Глава четвертая
— Мы никуда не поедем, мы никуда не поедем! — твердила Нина. Она прекрасно понимала, что это ничего не изменит, но с трудом могла с собой совладать.
Она снова металась по квартире, как по клетке. Но сейчас она вдруг осознала, как сильно любит свою клетку, как не хочет ее покидать. Да и как они уедут! Здесь вся ее родня, здесь школа Ильи и его друзья. А как тяжело ей это далось! И теперь все бросить, перечеркнуть? Ради чего?!
— Успокойся, — прикрикнул на нее Константин, которому уже порядком надоела ее истерика, — ты что, не понимаешь? Такого шанса у нас больше не будет.
— Шанс?! Шанс! — повторила женщина и даже ногой топнула, — ты предлагаешь просто взять и все бросить!? Продать квартиру!? А где мы там жить будем? Жаться по съемным углам. Где я там найду школу для Ильи!
Взгляд Константина красноречиво говорил: «коррекционные школы есть везде». Но Нину это не устраивало. Он это понимал, поэтому в слух сказал другое:
— У нас не будет больше таких проблем с деньгами. Мы сможем платить за обучение в какой угодно школе.

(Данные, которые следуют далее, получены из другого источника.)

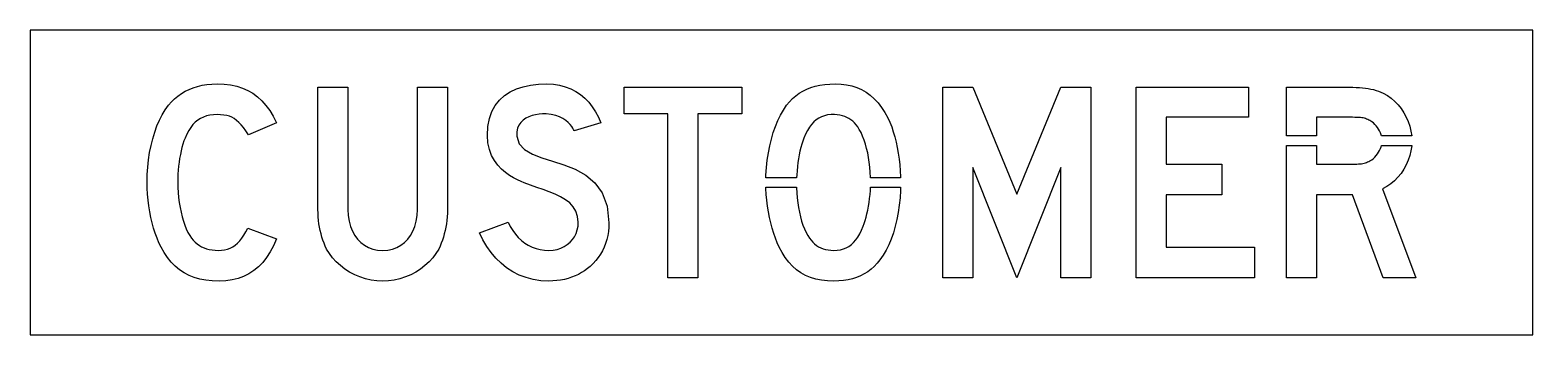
# Model space of a CAD drawing. Extents: x 0 to 79, y 0 to 16.
import ezdxf

# ---------------------------------------------------------------- set-up
doc = ezdxf.new("R2010")
doc.units = 0
doc.layers.add('CUT', color=7, linetype='Continuous')
doc.layers.add('OUTSIDE', color=1, linetype='Continuous')

msp = doc.modelspace()

# ---------------------------------------------------------------- linework, layer by layer
at = {"layer": 'CUT'}
for points in [[(12.005, 3.577), (11.763, 3.377), (11.505, 3.208), (11.228, 3.07), (10.933, 2.963), (10.621, 2.886), (10.289, 2.84), (9.939, 2.825), (9.581, 2.836), (9.245, 2.872), (8.929, 2.931), (8.633, 3.016), (8.356, 3.125), (8.097, 3.259), (7.855, 3.419), (7.631, 3.604), (7.422, 3.816), (7.229, 4.055), (7.051, 4.321), (6.886, 4.614), (6.776, 4.841), (6.673, 5.083), (6.579, 5.338), (6.493, 5.606), (6.415, 5.884), (6.347, 6.171), (6.288, 6.467), (6.239, 6.769), (6.2, 7.076), (6.172, 7.388), (6.155, 7.702), (6.149, 8.018), (6.158, 8.412), (6.184, 8.804), (6.226, 9.191), (6.285, 9.571), (6.359, 9.94), (6.448, 10.298), (6.551, 10.641), (6.669, 10.968), (6.801, 11.274), (6.945, 11.559), (7.103, 11.819), (7.272, 12.053), (7.427, 12.23), (7.591, 12.392), (7.766, 12.539), (7.952, 12.671), (8.148, 12.788), (8.356, 12.89), (8.574, 12.977), (8.803, 13.048), (9.044, 13.104), (9.295, 13.143), (9.559, 13.167), (9.834, 13.175), (10.199, 13.162), (10.543, 13.122), (10.864, 13.055), (11.166, 12.96), (11.448, 12.836), (11.711, 12.684), (11.957, 12.503), (12.186, 12.292), (12.399, 12.05), (12.598, 11.778), (12.784, 11.475), (12.956, 11.14), (11.483, 10.509), (11.347, 10.706), (11.219, 10.879), (11.097, 11.029), (10.977, 11.156), (10.858, 11.263), (10.737, 11.351), (10.612, 11.421), (10.48, 11.476), (10.338, 11.515), (10.185, 11.542), (10.018, 11.557), (9.834, 11.561), (9.638, 11.554), (9.453, 11.531), (9.279, 11.493), (9.116, 11.438), (8.963, 11.366), (8.821, 11.276), (8.687, 11.168), (8.563, 11.042), (8.447, 10.895), (8.34, 10.729), (8.241, 10.542), (8.149, 10.333), (8.09, 10.179), (8.036, 10.013), (7.986, 9.838), (7.94, 9.655), (7.9, 9.464), (7.864, 9.268), (7.834, 9.066), (7.809, 8.86), (7.789, 8.651), (7.775, 8.44), (7.766, 8.229), (7.763, 8.018), (7.769, 7.746), (7.783, 7.476), (7.808, 7.209), (7.841, 6.947), (7.884, 6.691), (7.935, 6.443), (7.993, 6.205), (8.06, 5.977), (8.134, 5.763), (8.214, 5.562), (8.302, 5.378), (8.395, 5.211), (8.485, 5.085), (8.58, 4.971), (8.68, 4.868), (8.786, 4.776), (8.899, 4.696), (9.018, 4.627), (9.144, 4.569), (9.279, 4.522), (9.421, 4.485), (9.573, 4.459), (9.733, 4.444), (9.904, 4.439), (10.067, 4.446), (10.223, 4.468), (10.372, 4.506), (10.515, 4.559), (10.651, 4.629), (10.781, 4.715), (10.905, 4.818), (11.024, 4.938), (11.137, 5.075), (11.246, 5.231), (11.349, 5.404), (11.448, 5.596), (12.956, 5.035), (12.799, 4.682), (12.626, 4.36), (12.436, 4.068), (12.229, 3.807)], [(21.883, 5.832), (21.853, 5.653), (21.816, 5.478), (21.774, 5.307), (21.726, 5.139), (21.673, 4.975), (21.614, 4.816), (21.551, 4.66), (21.483, 4.509), (21.338, 4.269), (21.167, 4.043), (20.973, 3.831), (20.758, 3.635), (20.523, 3.457), (20.272, 3.298), (20.007, 3.16), (19.728, 3.043), (19.44, 2.95), (19.144, 2.881), (18.841, 2.839), (18.535, 2.825), (18.23, 2.839), (17.927, 2.881), (17.631, 2.95), (17.343, 3.043), (17.064, 3.16), (16.799, 3.298), (16.548, 3.457), (16.313, 3.635), (16.098, 3.831), (15.904, 4.043), (15.733, 4.269), (15.588, 4.509), (15.52, 4.66), (15.457, 4.816), (15.398, 4.975), (15.345, 5.139), (15.297, 5.307), (15.255, 5.478), (15.218, 5.653), (15.188, 5.832), (15.164, 6.014), (15.146, 6.199), (15.136, 6.387), (15.132, 6.579), (15.132, 13), (16.711, 13), (16.711, 6.579), (16.726, 6.264), (16.771, 5.97), (16.843, 5.697), (16.942, 5.447), (17.067, 5.222), (17.215, 5.022), (17.387, 4.849), (17.579, 4.705), (17.792, 4.59), (18.023, 4.507), (18.271, 4.456), (18.535, 4.439), (18.8, 4.456), (19.048, 4.507), (19.279, 4.59), (19.492, 4.705), (19.684, 4.849), (19.856, 5.022), (20.004, 5.222), (20.129, 5.447), (20.228, 5.697), (20.3, 5.97), (20.345, 6.264), (20.36, 6.579), (20.36, 13), (21.939, 13), (21.939, 6.579), (21.935, 6.387), (21.925, 6.199), (21.907, 6.014)], [(30.253, 4.802), (30.176, 4.605), (30.086, 4.416), (29.983, 4.235), (29.868, 4.061), (29.74, 3.897), (29.6, 3.742), (29.448, 3.596), (29.303, 3.478), (29.15, 3.369), (28.989, 3.269), (28.821, 3.178), (28.647, 3.097), (28.465, 3.026), (28.278, 2.966), (28.086, 2.916), (27.889, 2.876), (27.687, 2.848), (27.481, 2.83), (27.272, 2.825), (26.852, 2.845), (26.451, 2.907), (26.071, 3.007), (25.71, 3.144), (25.371, 3.316), (25.053, 3.522), (24.757, 3.759), (24.484, 4.025), (24.233, 4.32), (24.006, 4.64), (23.802, 4.984), (23.623, 5.351), (25.132, 5.912), (25.244, 5.684), (25.371, 5.474), (25.511, 5.282), (25.664, 5.109), (25.828, 4.955), (26.005, 4.82), (26.192, 4.705), (26.39, 4.61), (26.597, 4.536), (26.814, 4.482), (27.039, 4.45), (27.272, 4.439), (27.494, 4.452), (27.703, 4.489), (27.898, 4.55), (28.078, 4.634), (28.241, 4.737), (28.386, 4.86), (28.513, 5), (28.619, 5.156), (28.703, 5.327), (28.765, 5.511), (28.803, 5.706), (28.816, 5.912), (28.785, 6.223), (28.696, 6.492), (28.555, 6.724), (28.368, 6.925), (28.142, 7.098), (27.882, 7.25), (27.595, 7.385), (27.288, 7.508), (26.966, 7.624), (26.635, 7.739), (26.303, 7.857), (25.974, 7.982), (25.811, 8.052), (25.624, 8.138), (25.421, 8.243), (25.209, 8.371), (24.994, 8.523), (24.786, 8.702), (24.589, 8.91), (24.412, 9.149), (24.262, 9.423), (24.146, 9.734), (24.071, 10.083), (24.044, 10.474), (24.072, 10.94), (24.151, 11.356), (24.281, 11.725), (24.456, 12.047), (24.675, 12.326), (24.935, 12.561), (25.231, 12.756), (25.562, 12.912), (25.924, 13.03), (26.314, 13.112), (26.73, 13.16), (27.167, 13.175), (27.508, 13.159), (27.831, 13.11), (28.134, 13.03), (28.419, 12.921), (28.684, 12.783), (28.93, 12.618), (29.158, 12.428), (29.366, 12.214), (29.555, 11.976), (29.726, 11.718), (29.877, 11.438), (30.009, 11.14), (28.606, 10.719), (28.598, 10.736), (28.574, 10.782), (28.533, 10.851), (28.473, 10.939), (28.392, 11.039), (28.29, 11.145), (28.164, 11.252), (28.013, 11.353), (27.836, 11.445), (27.631, 11.519), (27.397, 11.572), (27.132, 11.596), (26.945, 11.599), (26.757, 11.586), (26.57, 11.559), (26.389, 11.515), (26.217, 11.453), (26.057, 11.373), (25.915, 11.273), (25.793, 11.152), (25.696, 11.009), (25.627, 10.844), (25.59, 10.654), (25.588, 10.439), (25.713, 10.033), (25.996, 9.728), (26.404, 9.494), (26.906, 9.303), (27.469, 9.126), (28.062, 8.934), (28.651, 8.7), (29.206, 8.393), (29.693, 7.986), (30.081, 7.45), (30.338, 6.757), (30.43, 5.877), (30.423, 5.651), (30.401, 5.43), (30.366, 5.215), (30.316, 5.005)], [(33.517, 11.596), (31.237, 11.596), (31.237, 13), (37.412, 13), (37.412, 11.596), (35.096, 11.596), (35.096, 3), (33.517, 3)], [(44.077, 9.313), (44.031, 9.557), (43.976, 9.791), (43.914, 10.015), (43.844, 10.228), (43.766, 10.428), (43.681, 10.616), (43.588, 10.789), (43.507, 10.915), (43.423, 11.027), (43.336, 11.127), (43.243, 11.216), (43.146, 11.293), (43.044, 11.36), (42.936, 11.416), (42.821, 11.463), (42.7, 11.5), (42.571, 11.529), (42.434, 11.549), (42.289, 11.561), (42.102, 11.561), (41.926, 11.544), (41.761, 11.508), (41.606, 11.454), (41.461, 11.381), (41.325, 11.289), (41.197, 11.179), (41.078, 11.049), (40.967, 10.9), (40.863, 10.731), (40.766, 10.542), (40.675, 10.333), (40.616, 10.178), (40.562, 10.011), (40.512, 9.833), (40.466, 9.646), (40.426, 9.451), (40.39, 9.25), (40.36, 9.044), (40.335, 8.834), (40.315, 8.621), (40.301, 8.408), (40.294, 8.251), (38.681, 8.251), (38.684, 8.391), (38.71, 8.791), (38.752, 9.181), (38.809, 9.56), (38.882, 9.927), (38.969, 10.281), (39.07, 10.62), (39.185, 10.943), (39.312, 11.249), (39.451, 11.537), (39.602, 11.805), (39.763, 12.053), (39.917, 12.237), (40.08, 12.404), (40.252, 12.554), (40.435, 12.687), (40.629, 12.803), (40.833, 12.904), (41.05, 12.988), (41.278, 13.056), (41.52, 13.109), (41.774, 13.146), (42.042, 13.168), (42.325, 13.175), (42.632, 13.164), (42.925, 13.128), (43.202, 13.069), (43.464, 12.984), (43.713, 12.875), (43.947, 12.741), (44.169, 12.581), (44.378, 12.396), (44.575, 12.184), (44.76, 11.945), (44.933, 11.679), (45.097, 11.386), (45.198, 11.159), (45.292, 10.917), (45.378, 10.662), (45.456, 10.394), (45.526, 10.116), (45.588, 9.829), (45.64, 9.533), (45.684, 9.231), (45.718, 8.924), (45.743, 8.612), (45.758, 8.298), (45.759, 8.251), (44.18, 8.251), (44.18, 8.261), (44.167, 8.534), (44.145, 8.801), (44.115, 9.061)], [(49.553, 8.789), (49.553, 3), (47.974, 3), (47.974, 13), (49.553, 13), (51.869, 7.386), (54.185, 13), (55.763, 13), (55.763, 3), (54.185, 3), (54.185, 8.789), (51.869, 3)], [(64.044, 11.421), (59.728, 11.421), (59.728, 8.965), (62.64, 8.965), (62.64, 7.351), (59.728, 7.351), (59.728, 4.614), (64.36, 4.614), (64.36, 3), (58.149, 3), (58.149, 13), (64.044, 13)], [(70.832, 10.888), (70.765, 10.973), (70.691, 11.052), (70.611, 11.124), (70.523, 11.189), (70.43, 11.246), (70.37, 11.279), (70.314, 11.307), (70.258, 11.332), (70.201, 11.353), (70.142, 11.371), (70.079, 11.386), (70.01, 11.398), (69.934, 11.407), (69.848, 11.413), (69.751, 11.418), (69.641, 11.42), (69.518, 11.421), (67.623, 11.421), (67.623, 10.444), (66.044, 10.444), (66.044, 13), (69.342, 13), (69.53, 12.998), (69.709, 12.994), (69.878, 12.985), (70.04, 12.973), (70.194, 12.956), (70.342, 12.934), (70.484, 12.907), (70.621, 12.875), (70.753, 12.837), (70.882, 12.793), (71.008, 12.742), (71.132, 12.684), (71.346, 12.566), (71.548, 12.424), (71.738, 12.26), (71.913, 12.077), (72.072, 11.877), (72.215, 11.662), (72.339, 11.435), (72.444, 11.198), (72.528, 10.952), (72.59, 10.702), (72.628, 10.448), (72.628, 10.444), (71.032, 10.444), (71.017, 10.505), (70.984, 10.606), (70.941, 10.704), (70.89, 10.798)], [(67.623, 9.942), (67.623, 8.965), (69.518, 8.965), (69.634, 8.966), (69.739, 8.968), (69.833, 8.973), (69.918, 8.979), (69.995, 8.988), (70.066, 9), (70.132, 9.015), (70.193, 9.032), (70.253, 9.054), (70.311, 9.079), (70.37, 9.107), (70.43, 9.14), (70.523, 9.197), (70.611, 9.262), (70.691, 9.334), (70.765, 9.413), (70.832, 9.498), (70.89, 9.588), (70.941, 9.682), (70.984, 9.78), (71.017, 9.88), (71.032, 9.942), (72.629, 9.942), (72.628, 9.93), (72.589, 9.67), (72.528, 9.413), (72.443, 9.164), (72.337, 8.923), (72.211, 8.693), (72.065, 8.476), (71.902, 8.275), (71.723, 8.091), (71.528, 7.927), (71.319, 7.785), (71.097, 7.667), (72.851, 3), (71.132, 3), (69.518, 7.351), (67.623, 7.351), (67.623, 3), (66.044, 3), (66.044, 9.942)], [(45.383, 5.359), (45.269, 5.032), (45.141, 4.726), (45, 4.441), (44.844, 4.181), (44.675, 3.947), (44.53, 3.763), (44.374, 3.596), (44.208, 3.446), (44.032, 3.313), (43.846, 3.197), (43.649, 3.096), (43.442, 3.012), (43.225, 2.944), (42.998, 2.891), (42.76, 2.854), (42.512, 2.832), (42.254, 2.825), (41.914, 2.836), (41.595, 2.872), (41.297, 2.931), (41.017, 3.016), (40.756, 3.125), (40.513, 3.259), (40.287, 3.419), (40.076, 3.604), (39.881, 3.816), (39.7, 4.055), (39.532, 4.321), (39.377, 4.614), (39.275, 4.834), (39.179, 5.073), (39.09, 5.328), (39.008, 5.596), (38.934, 5.877), (38.868, 6.167), (38.812, 6.464), (38.764, 6.766), (38.726, 7.071), (38.698, 7.377), (38.681, 7.682), (38.68, 7.749), (40.293, 7.749), (40.294, 7.719), (40.307, 7.455), (40.328, 7.194), (40.358, 6.936), (40.397, 6.684), (40.443, 6.439), (40.497, 6.202), (40.56, 5.976), (40.63, 5.762), (40.708, 5.562), (40.793, 5.378), (40.886, 5.211), (40.967, 5.085), (41.053, 4.971), (41.144, 4.868), (41.241, 4.776), (41.343, 4.696), (41.452, 4.627), (41.567, 4.569), (41.689, 4.522), (41.819, 4.485), (41.956, 4.459), (42.101, 4.444), (42.254, 4.439), (42.433, 4.447), (42.6, 4.471), (42.757, 4.513), (42.904, 4.571), (43.042, 4.647), (43.171, 4.741), (43.292, 4.853), (43.406, 4.984), (43.513, 5.134), (43.613, 5.304), (43.708, 5.493), (43.798, 5.702), (43.85, 5.842), (43.9, 6), (43.947, 6.172), (43.992, 6.355), (44.033, 6.549), (44.07, 6.75), (44.103, 6.956), (44.131, 7.165), (44.154, 7.374), (44.17, 7.582), (44.179, 7.749), (45.758, 7.749), (45.755, 7.588), (45.731, 7.196), (45.692, 6.809), (45.637, 6.429), (45.567, 6.06), (45.482, 5.702)]]:
    msp.add_lwpolyline(points, close=True, dxfattribs=at)
at = {"layer": 'OUTSIDE'}
msp.add_lwpolyline([(0, 0), (79, 0), (79, 16), (0, 16)], close=True, dxfattribs=at)

doc.saveas('drawing.dxf')

Нина только руками всплеснула.
— Ты что, не понимаешь, что это — Москва! Никто меня больше в Москву работать не позовет, — продолжал Константин, — а здесь я скоро останусь без работы. Что мы делать будем? Побираться!? — это был совсем не тонкий, а достаточно грубый намек на Илью. Нина живописно представила себе, как ходит с ним по вагонам электричек, выпрашивая денег на операцию. Ей сделалось мерзко и тошно.
Она прекрасно понимала, что спорить с мужем бесполезно. Нужно смириться и принять как данность его решение. Впоследствии она даже найдет в нем плюсы… Обязательно. Так Нина себе сказала, чтобы хоть немного успокоиться и ушла к Илье.
Он сидел на своей кровати, по-турецки скрестив ноги, и увлеченно что-то записывал в потертый синий блокнот. Женщина часто видела его за этим делом, но все не решалась расспросить сына об этом.
— Что-то случилось? — осторожно поинтересовался он. Нина села рядом и потрепала его по волосам, с нежностью вдохнула их запах, такой родной и приятный.
Он только выглядел маленьким, по-прежнему — все такой же хрупкий и игрушечный, на самом деле он уже многое понимал. Все-таки одиннадцать лет. Нина с ужасом думала о непреодолимом приближении подросткового возраста. Больше всего ее пугала перспектива отдалиться, стать чужими людьми, что часто бывает с детьми и родителями в эти годы. Что же тогда будет с ней? Ведь ближе у нее нет никого…
— Все хорошо, — заверила она и вздохнула. Обманывать у нее получалось плохо.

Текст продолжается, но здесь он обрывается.